_Problem description_:
Print out each entry without alteration, and keep the pictures out.

_Given data_:
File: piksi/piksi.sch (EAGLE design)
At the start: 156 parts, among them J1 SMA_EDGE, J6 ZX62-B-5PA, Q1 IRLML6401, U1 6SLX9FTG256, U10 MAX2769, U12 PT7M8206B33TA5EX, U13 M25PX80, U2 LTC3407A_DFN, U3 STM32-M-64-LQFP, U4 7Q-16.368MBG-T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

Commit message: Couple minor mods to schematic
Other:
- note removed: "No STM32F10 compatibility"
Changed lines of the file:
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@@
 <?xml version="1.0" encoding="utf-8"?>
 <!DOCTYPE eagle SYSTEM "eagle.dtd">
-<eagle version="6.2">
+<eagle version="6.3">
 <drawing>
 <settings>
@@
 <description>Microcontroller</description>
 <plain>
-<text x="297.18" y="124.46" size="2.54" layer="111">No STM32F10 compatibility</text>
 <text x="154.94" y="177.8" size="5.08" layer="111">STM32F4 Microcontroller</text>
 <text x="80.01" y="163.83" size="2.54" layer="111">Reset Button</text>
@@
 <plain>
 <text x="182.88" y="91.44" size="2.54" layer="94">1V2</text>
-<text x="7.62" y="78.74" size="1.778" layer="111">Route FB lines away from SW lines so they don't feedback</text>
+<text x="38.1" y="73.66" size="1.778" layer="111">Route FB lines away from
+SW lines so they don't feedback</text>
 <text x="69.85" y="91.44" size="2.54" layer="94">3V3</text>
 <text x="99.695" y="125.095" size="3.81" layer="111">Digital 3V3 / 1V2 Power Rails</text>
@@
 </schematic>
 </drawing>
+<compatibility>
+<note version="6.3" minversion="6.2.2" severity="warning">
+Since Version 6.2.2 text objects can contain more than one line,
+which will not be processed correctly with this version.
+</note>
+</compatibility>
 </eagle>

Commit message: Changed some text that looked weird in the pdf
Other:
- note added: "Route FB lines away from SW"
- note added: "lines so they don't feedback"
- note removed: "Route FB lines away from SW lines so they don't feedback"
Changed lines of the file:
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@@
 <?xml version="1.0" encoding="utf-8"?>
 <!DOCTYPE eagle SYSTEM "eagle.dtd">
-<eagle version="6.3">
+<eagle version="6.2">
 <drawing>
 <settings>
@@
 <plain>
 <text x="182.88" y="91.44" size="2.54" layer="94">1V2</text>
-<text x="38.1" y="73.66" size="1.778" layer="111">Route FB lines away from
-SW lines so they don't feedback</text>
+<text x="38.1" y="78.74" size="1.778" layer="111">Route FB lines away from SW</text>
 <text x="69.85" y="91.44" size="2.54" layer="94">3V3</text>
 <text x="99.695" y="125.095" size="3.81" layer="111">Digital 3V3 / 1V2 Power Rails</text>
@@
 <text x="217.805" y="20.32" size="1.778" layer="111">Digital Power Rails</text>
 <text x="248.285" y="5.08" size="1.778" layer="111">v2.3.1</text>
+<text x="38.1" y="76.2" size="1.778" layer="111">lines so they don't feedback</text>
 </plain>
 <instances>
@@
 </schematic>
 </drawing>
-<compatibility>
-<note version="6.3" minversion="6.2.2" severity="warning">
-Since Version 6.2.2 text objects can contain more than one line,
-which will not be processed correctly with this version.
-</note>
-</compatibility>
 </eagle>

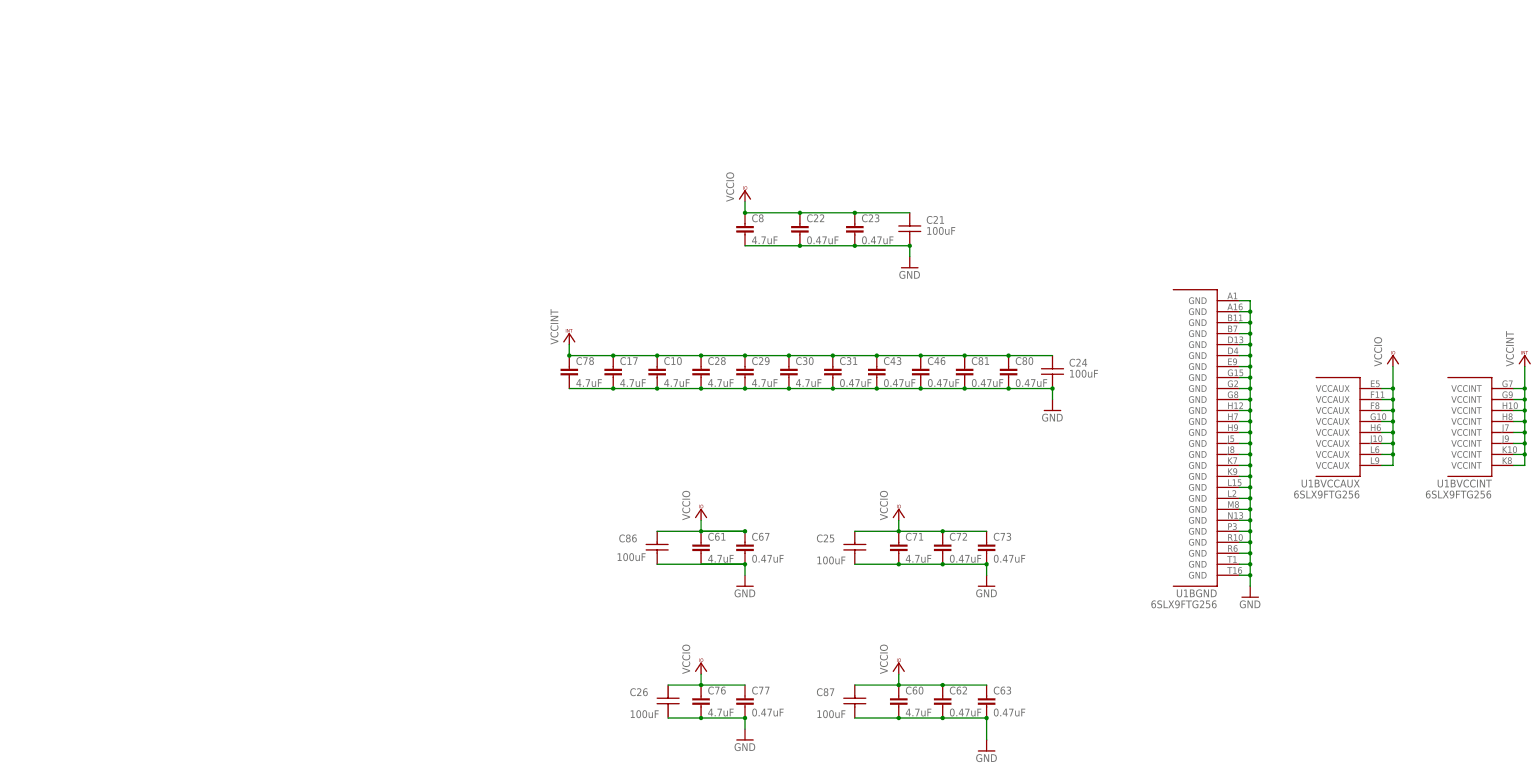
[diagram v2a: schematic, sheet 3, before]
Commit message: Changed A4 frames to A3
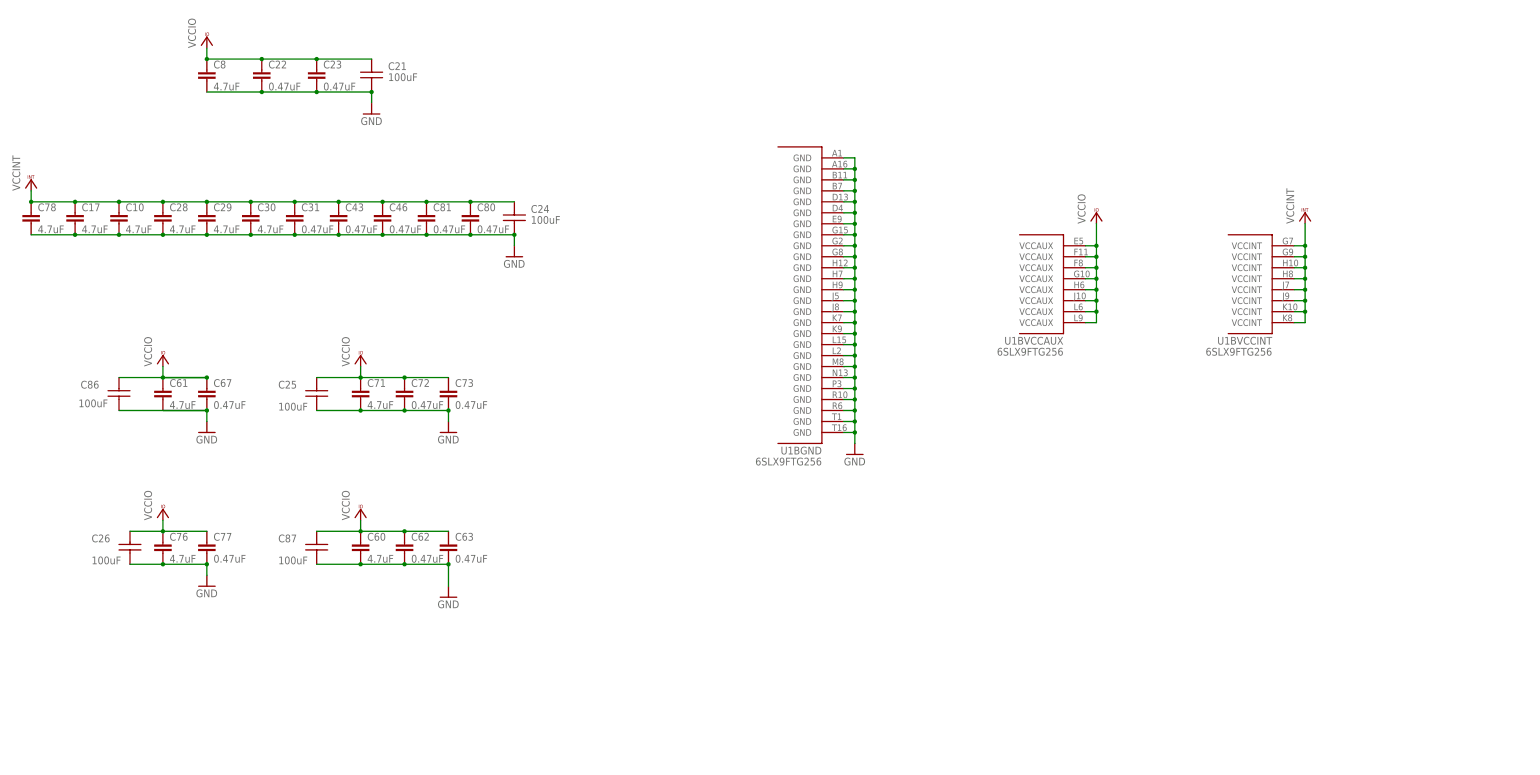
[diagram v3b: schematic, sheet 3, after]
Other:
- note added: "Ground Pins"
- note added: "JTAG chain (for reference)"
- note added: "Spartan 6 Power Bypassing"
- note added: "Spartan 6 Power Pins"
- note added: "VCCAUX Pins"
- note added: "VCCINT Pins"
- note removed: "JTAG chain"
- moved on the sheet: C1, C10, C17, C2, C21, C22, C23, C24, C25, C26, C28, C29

_Task answer_:
File: piksi/piksi.sch (EAGLE design)
At the start: 156 parts, among them J1 SMA_EDGE, J6 ZX62-B-5PA, Q1 IRLML6401, U1 6SLX9FTG256, U10 MAX2769, U12 PT7M8206B33TA5EX, U13 M25PX80, U2 LTC3407A_DFN, U3 STM32-M-64-LQFP, U4 7Q-16.368MBG-T

Commit message: Couple minor mods to schematic
Other:
- note removed: "No STM32F10 compatibility"
Changed lines of the file:
@@
 <?xml version="1.0" encoding="utf-8"?>
 <!DOCTYPE eagle SYSTEM "eagle.dtd">
-<eagle version="6.2">
+<eagle version="6.3">
 <drawing>
 <settings>
@@
 <description>Microcontroller</description>
 <plain>
-<text x="297.18" y="124.46" size="2.54" layer="111">No STM32F10 compatibility</text>
 <text x="154.94" y="177.8" size="5.08" layer="111">STM32F4 Microcontroller</text>
 <text x="80.01" y="163.83" size="2.54" layer="111">Reset Button</text>
@@
 <plain>
 <text x="182.88" y="91.44" size="2.54" layer="94">1V2</text>
-<text x="7.62" y="78.74" size="1.778" layer="111">Route FB lines away from SW lines so they don't feedback</text>
+<text x="38.1" y="73.66" size="1.778" layer="111">Route FB lines away from
+SW lines so they don't feedback</text>
 <text x="69.85" y="91.44" size="2.54" layer="94">3V3</text>
 <text x="99.695" y="125.095" size="3.81" layer="111">Digital 3V3 / 1V2 Power Rails</text>
@@
 </schematic>
 </drawing>
+<compatibility>
+<note version="6.3" minversion="6.2.2" severity="warning">
+Since Version 6.2.2 text objects can contain more than one line,
+which will not be processed correctly with this version.
+</note>
+</compatibility>
 </eagle>

Commit message: Changed some text that looked weird in the pdf
Other:
- note added: "Route FB lines away from SW"
- note added: "lines so they don't feedback"
- note removed: "Route FB lines away from SW lines so they don't feedback"
Changed lines of the file:
@@
 <?xml version="1.0" encoding="utf-8"?>
 <!DOCTYPE eagle SYSTEM "eagle.dtd">
-<eagle version="6.3">
+<eagle version="6.2">
 <drawing>
 <settings>
@@
 <plain>
 <text x="182.88" y="91.44" size="2.54" layer="94">1V2</text>
-<text x="38.1" y="73.66" size="1.778" layer="111">Route FB lines away from
-SW lines so they don't feedback</text>
+<text x="38.1" y="78.74" size="1.778" layer="111">Route FB lines away from SW</text>
 <text x="69.85" y="91.44" size="2.54" layer="94">3V3</text>
 <text x="99.695" y="125.095" size="3.81" layer="111">Digital 3V3 / 1V2 Power Rails</text>
@@
 <text x="217.805" y="20.32" size="1.778" layer="111">Digital Power Rails</text>
 <text x="248.285" y="5.08" size="1.778" layer="111">v2.3.1</text>
+<text x="38.1" y="76.2" size="1.778" layer="111">lines so they don't feedback</text>
 </plain>
 <instances>
@@
 </schematic>
 </drawing>
-<compatibility>
-<note version="6.3" minversion="6.2.2" severity="warning">
-Since Version 6.2.2 text objects can contain more than one line,
-which will not be processed correctly with this version.
-</note>
-</compatibility>
 </eagle>

[diagram v2a: schematic, sheet 3, before]
Commit message: Changed A4 frames to A3
[diagram v3b: schematic, sheet 3, after]
Other:
- note added: "Ground Pins"
- note added: "JTAG chain (for reference)"
- note added: "Spartan 6 Power Bypassing"
- note added: "Spartan 6 Power Pins"
- note added: "VCCAUX Pins"
- note added: "VCCINT Pins"
- note removed: "JTAG chain"
- moved on the sheet: C1, C10, C17, C2, C21, C22, C23, C24, C25, C26, C28, C29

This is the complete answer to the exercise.